One in Post on XLM Arena said that many claims in paper do not reflect reality. The organization pointed to one blog post Earlier this week, it indicates that more chatbot are appeared in the battbott Arena battles about model studies of non-primary laboratories.
An important limit of study is that it depended on the “self-identity” to determine which AI models were in private trials on chatbott Arena. The authors inspired the AI ​​model several times about their original company, and trusted the model’s answers to classify them – a method that is not foolish.
However, Hooker said that when the author arrived at LM Arena to share his initial conclusions, the organization did not dispute him.
Techcrunch Meta, Google, Openai and Amazon reached – all were mentioned in the study – for comment. Nobody immediately responded.
LM Arena in Hot Water
In paper, the author calls LM Arena, so that many changes can be applied for the purpose of making the chatbot Arena more “fair”. For example, the authors say, LM Arina can determine a clear and transparent range on the number of private tests. AI can conduct labs, and publicly reveal the score from these tests.

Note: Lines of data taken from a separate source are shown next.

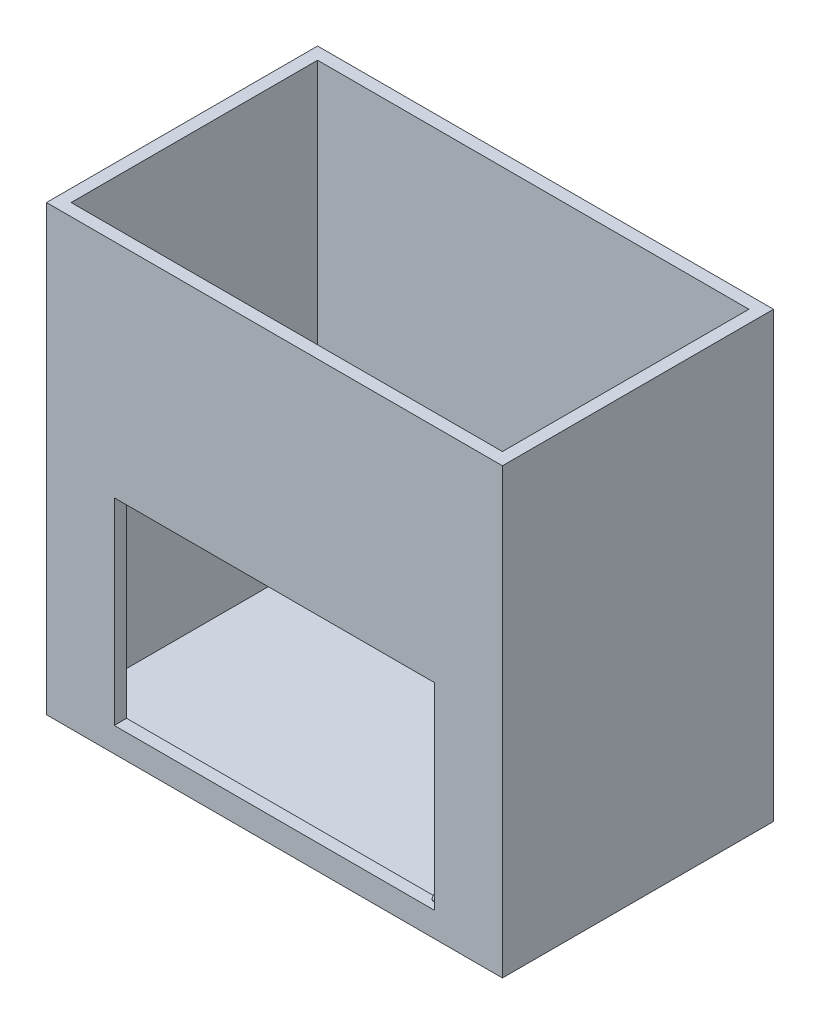
SolidWorks part; units mm, degrees
ref_plane "Front Plane" through (0, 0, 0) normal (0, 0, 1) x (1, 0, 0)
ref_plane "Top Plane" through (0, 0, 0) normal (0, 1, 0) x (1, 0, 0)
ref_plane "Right Plane" through (0, 0, 0) normal (1, 0, 0) x (0, 0, -1)
sketch "Sketch1" plane through (0, 0, 0) normal (0, 1, 0) x (1, 0, 0)
  line L1 (-87.5, 50) -> (87.5, 50)
  line L2 (-87.5, 50) -> (-87.5, -50)
  line L3 (-87.5, -50) -> (87.5, -50)
  line L4 (87.5, 50) -> (87.5, -50)
  line L5 (-87.5, 50) -> (87.5, -50) construction
  line L6 (-87.5, -50) -> (87.5, 50) construction
  point P0 (0, 0)
  dimension "D1" = 100
  dimension "D2" = 175
extrude "Extrude-Thin1" add sketch "Sketch1" along normal blind 175 thin thin type one direction wall 5
sketch "Sketch2" plane through (0, 0, 0) normal (0, -1, 0) x (1, 0, 0)
  line L2 (-92.5, 55) -> (92.5, 55)
  line L3 (-92.5, 55) -> (-92.5, -55)
  line L4 (-92.5, -55) -> (92.5, -55)
  line L5 (92.5, 55) -> (92.5, -55)
extrude "Boss-Extrude2" add sketch "Sketch2" along normal blind 5
sketch "Sketch5" plane through (0, 0, 55) normal (0, 0, 1) x (1, 0, 0)
  line L0 (92.5, -5) -> (-92.5, -5) construction
  line L1 (-65, 85) -> (65, 85)
  line L2 (-65, 85) -> (-65, 5)
  line L3 (-65, 5) -> (65, 5)
  line L4 (65, 85) -> (65, 5)
  line L5 (92.5, -5) -> (-92.5, -5)
  point P8 (0, 5)
  point P9 (0, -5)
  dimension "D1" = 130
  dimension "D2" = 80
  dimension "D3" = 10
extrude "Cut-Extrude2" cut sketch "Sketch5" against normal up to next contours L1 L4 L3 L2
sketch "Sketch6" plane through (65, 0, 0) normal (-1, 0, 0) x (0, 0, 1)
  line L0 (50, 5) -> (55, 5) construction
  line L1 (50, 5) -> (55, 5)
  circle A0 centre (52.5, 7.5) radius 1.5
  point P5 (52.5, 5)
  dimension "D2" = 3
  dimension "D1" = 2.5
extrude "Boss-Extrude3" add sketch "Sketch6" along normal blind 2 contours A0
equation "\"Depth\" = 100"
equation "\"D1@Sketch1\"=\"Depth\""
equation "\"Width\" = 175"
equation "\"D2@Sketch1\"=\"Width\""
equation "\"Height\" = 175"
equation "\"D1@Extrude-Thin1\"=\"Height\""
equation "\"D5@Extrude-Thin1\" = \"Thick\""
equation "\"D1@Boss-Extrude2\"= \"Thick\""
equation "\"Thick\" = 5"
equation "\"D1\" = \"Height\""
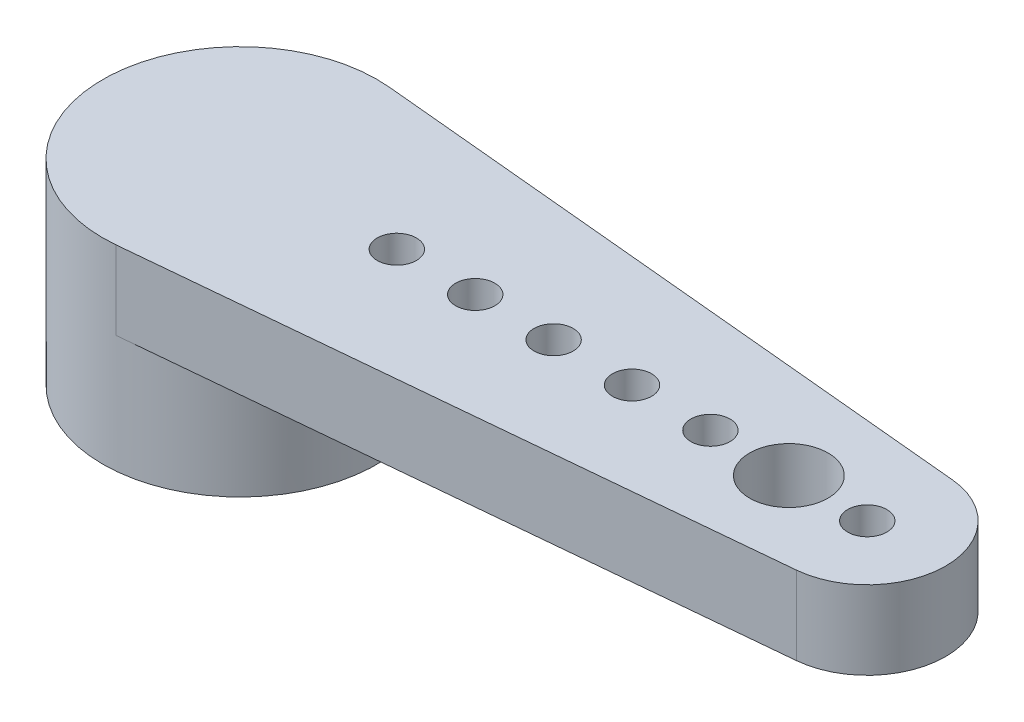
SolidWorks part; units mm, degrees
material "ABS"
ref_plane "Front Plane" through (0, 0, 0) normal (0, 0, 1) x (1, 0, 0)
ref_plane "Top Plane" through (0, 0, 0) normal (0, 1, 0) x (1, 0, 0)
ref_plane "Right Plane" through (0, 0, 0) normal (1, 0, 0) x (0, 0, -1)
sketch "Sketch1" plane through (0, 0, 0) normal (0, 1, 0) x (1, 0, 0)
  circle A0 centre (0, 0) radius 3.5
  circle A1 centre (0, 0) radius 2.4
  dimension "D1" = 7
  dimension "D2" = 4.8
extrude "Boss-Extrude1" add sketch "Sketch1" along normal blind 3
sketch "Sketch2" plane through (0, 3, 0) normal (0, 1, 0) x (1, 0, 0)
  line L0 (0.3281, 3.4846) -> (16.1875, 1.9912)
  line L1 (0.3281, -3.4846) -> (16.1875, -1.9912)
  line L2 (12, 0) -> (10, 0) construction
  circle A0 centre (16, 0) radius 2
  circle A1 centre (0, 0) radius 3.5 construction
  circle A2 centre (0, 0) radius 3.5
  circle A3 centre (16, 0) radius 0.5
  circle A4 centre (14, 0) radius 1
  circle A5 centre (12, 0) radius 0.5
  circle A6 centre (10, 0) radius 0.5
  circle A7 centre (8, 0) radius 0.5
  circle A8 centre (6, 0) radius 0.5
  circle A9 centre (4, 0) radius 0.5
  dimension "D1" = 4
  dimension "D2" = 16
  dimension "D3" = 1
  dimension "D4" = 2
  dimension "D6" = 1
  dimension "D5" = 2
  dimension "D7" = 2
  dimension "D9" = 2
  dimension "D8" = 5
extrude "Boss-Extrude2" add sketch "Sketch2" along normal blind 2
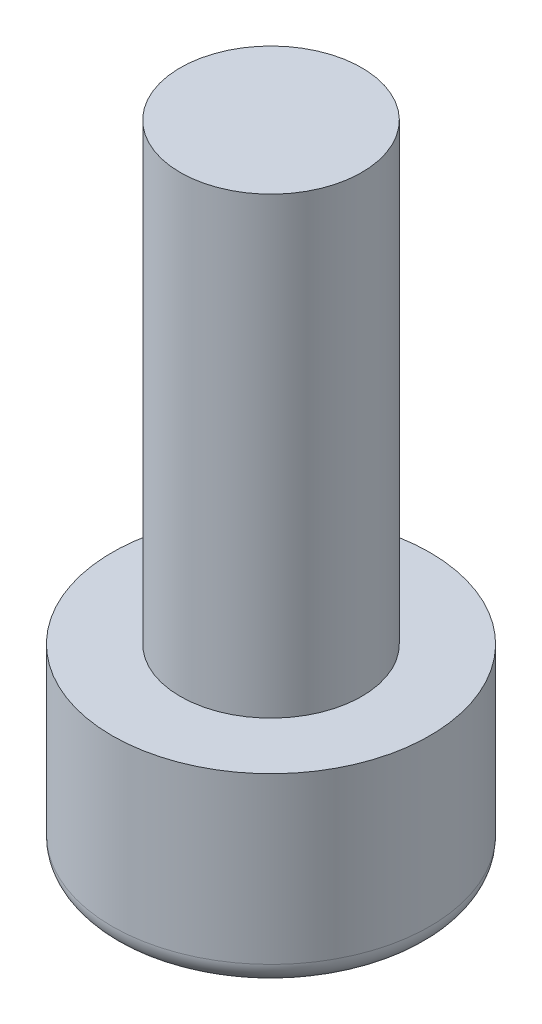
SolidWorks part; units mm, degrees
ref_plane "前视基准面" through (0, 0, 0) normal (0, 0, 1) x (1, 0, 0)
ref_plane "上视基准面" through (0, 0, 0) normal (0, 1, 0) x (1, 0, 0)
ref_plane "右视基准面" through (0, 0, 0) normal (1, 0, 0) x (0, 0, -1)
sketch "草图1" plane through (0, 0, 0) normal (0, 1, 0) x (1, 0, 0)
  circle A0 centre (0, 0) radius 3.5
  dimension "D1" = 7
extrude "凸台-拉伸1" add sketch "草图1" along normal blind 4.14
sketch "草图2" plane through (0, 4.14, 0) normal (0, 1, 0) x (1, 0, 0)
  circle A0 centre (0, 0) radius 2
  dimension "D1" = 4
extrude "凸台-拉伸2" add sketch "草图2" along normal blind 10
cosmetic thread "装饰螺纹线1" parameters "D2"=3.242
fillet "圆角1" radius 0.5 1 edges at (0, 0, 3.5)
sketch "草图3" plane through (0, 0, 0) normal (0, -1, 0) x (1, 0, 0)
  line L1 (1.6983, 2.0561) -> (-0.9315, 2.4988)
  line L2 (-0.9315, 2.4988) -> (-2.6298, 0.4427)
  line L3 (-2.6298, 0.4427) -> (-1.6983, -2.0561)
  line L4 (-1.6983, -2.0561) -> (0.9315, -2.4988)
  line L5 (0.9315, -2.4988) -> (2.6298, -0.4427)
  line L6 (2.6298, -0.4427) -> (1.6983, 2.0561)
  circle A0 centre (0, 0) radius 2.3095 construction
extrude "切除-拉伸1" cut sketch "草图3" against normal blind 2
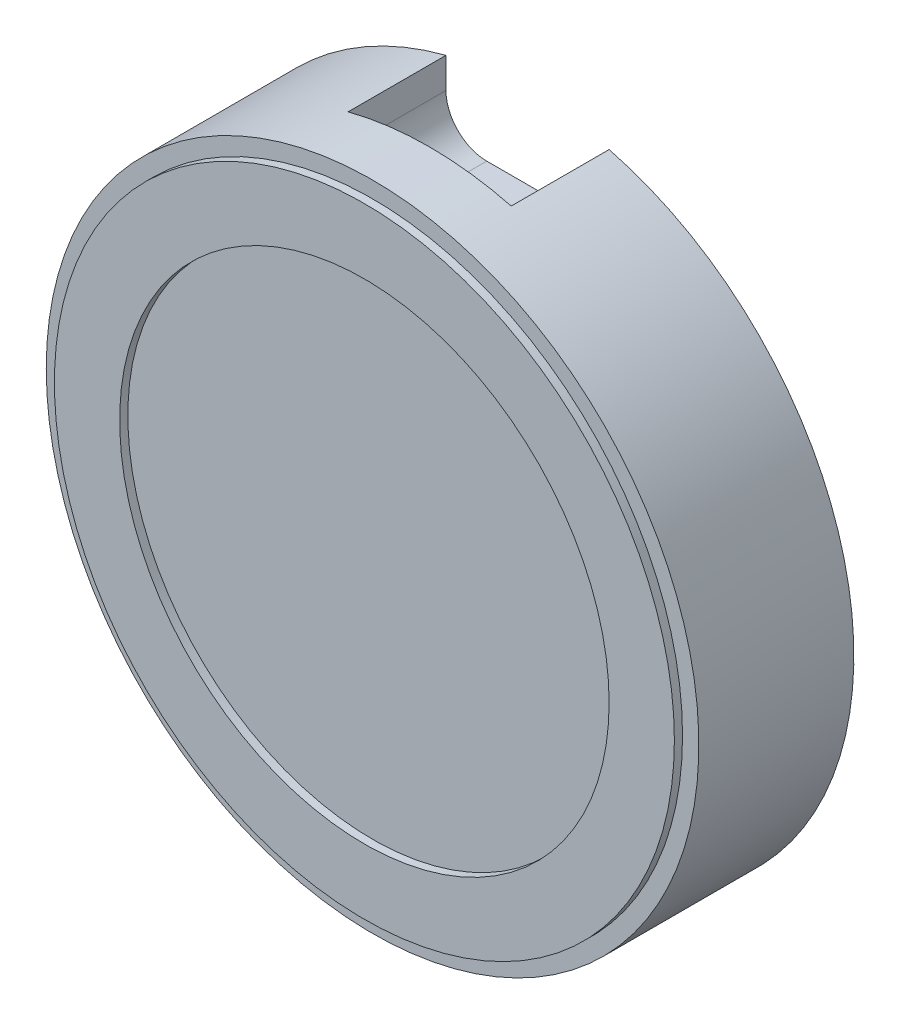
SolidWorks part; units mm, degrees
ref_plane "Front Plane" through (0, 0, 0) normal (1, 0, 0) x (0, 1, 0)
ref_plane "Top Plane" through (0, 0, 0) normal (0, 0, 1) x (0, 1, 0)
ref_plane "Right Plane" through (0, 0, 0) normal (0, 1, 0) x (-1, 0, 0)
sketch "Sketch2" plane through (0, 0, 0) normal (0, 0, 1) x (0, 1, 0)
  circle A0 centre (0, 0) radius 19
  circle A1 centre (0, 0) radius 15
  dimension "D1" = 38
  dimension "D2" = 30
extrude "Boss-Extrude1" add sketch "Sketch2" against normal blind 0.5
sketch "Sketch3" plane through (0, 0, -0.5) normal (0, 0, -1) x (1, 0, 0)
  circle A0 centre (0, 0) radius 20
  dimension "D1" = 40
extrude "Boss-Extrude2" add sketch "Sketch3" along normal blind 9.5
sketch "Sketch4" plane through (0, 0, -10) normal (0, 0, -1) x (1, 0, 0)
  line L0 (0, -20) -> (0, -15) construction
  line L5 (-5, -17.5) -> (-5, -19.3649)
  line L6 (-2.5, -15) -> (2.5, -15)
  line L8 (5, -17.5) -> (5, -19.3649)
  circle A2 centre (0, 0) radius 20 construction
  arc A3 (-5, -19.3649) -> (5, -19.3649) centre (0, 0) ccw
  arc A4 (2.5, -15) -> (5, -17.5) centre (2.5, -17.5) cw
  arc A5 (-2.5, -15) -> (-5, -17.5) centre (-2.5, -17.5) ccw
  point P7 (0, -17.5)
  point P14 (5, -15)
  point P17 (-5, -15)
  dimension "D1" = 10
  dimension "D2" = 5
  dimension "D3" = 2.5
extrude "Cut-Extrude2" cut sketch "Sketch4" against normal blind 6
sketch "Sketch5" plane through (0, 0, -10) normal (0, 0, -1) x (1, 0, 0)
  line L1 (8.8388, -8.8388) -> (8.8388, 8.8388) construction
  line L2 (8.8388, 8.8388) -> (-8.8388, 8.8388) construction
  line L3 (-8.8388, 8.8388) -> (-8.8388, -8.8388) construction
  line L4 (-8.8388, -8.8388) -> (8.8388, -8.8388) construction
  circle A0 centre (0, 0) radius 12.5 construction
  point P2 (8.8388, -8.8388)
  point P3 (8.8388, 8.8388)
  point P4 (-8.8388, 8.8388)
  point P5 (-8.8388, -8.8388)
  dimension "D1" = 25
hole_wizard "M3 Clearance Hole1" positions "Sketch5" profile "Sketch6" hole size "M3" standard "ANSI Metric"
sketch "Sketch6" plane through (-8.8388, 8.8388, -10) normal (1, 0, 0) x (0, 1, 0)
  line L0 (0, 0) -> (0, 6.0215)
  line L1 (0, 6.0215) -> (1.7, 5)
  line L2 (1.7, 5) -> (1.7, 0)
  line L5 (1.7, 0) -> (0, 0)
  line L10 (0, 6.0215) -> (-1.7, 5) construction
  line L11 (0, -6.35) -> (0, 107.95) construction
  dimension "Hole Dia." = 3.4
  dimension "Hole Depth" = 5
  dimension "Drill Angle" = 118

One in Post on X, LM Arena dismissed these suggestions, claiming that it has published information on pre-relief tests From March 2024The benchmarking organization also said that it is “no meaning to show scores for pre-relaes models that are not publicly available,” because the AI ​​community cannot test the model for itself.
Researchers also say that LM Arena can accommodate the sample rate of the Arina Chatbot Arena to ensure that all models in the arena appear in the same number of fighting. LM Arena has been publicly receptive to this recommendation, and indicated that it would create a new sample algorithm.
The paper came later after the Meta when the Gaming benchmark was caught around the launch of its above Lama 4 model at the chatboot Arena. Meta adapted one of the Lama 4 models for “connivance”, which helped it get an impressive score on the leaderboard of Chatbot Arena. But the company never released customized models – and the vanilla version performed very badly on the chatbot Arena.
At that time, LM Arena said that meta should have been more transparent in its approach to benchmarking.
Earlier this month, LM Arena announced that it was Launch a companyWith a plan to raise capital from investors. The study increases the investigation on the private benchmark organization – and can they be trusted to assess the AI ​​model without corporate effects.
Update 4/30/25 at 9:35 pm PT: A previous version of this story included a Google deep -ranked comment, which said that the part of Kohere’s study was wrong. The researcher did not dispute that Google sent 10 models to LM Arena for a pre-of-relief test from January to March, as Kohere accused, but simply noted the open source team of the company, who works on Jemma, only sent to one.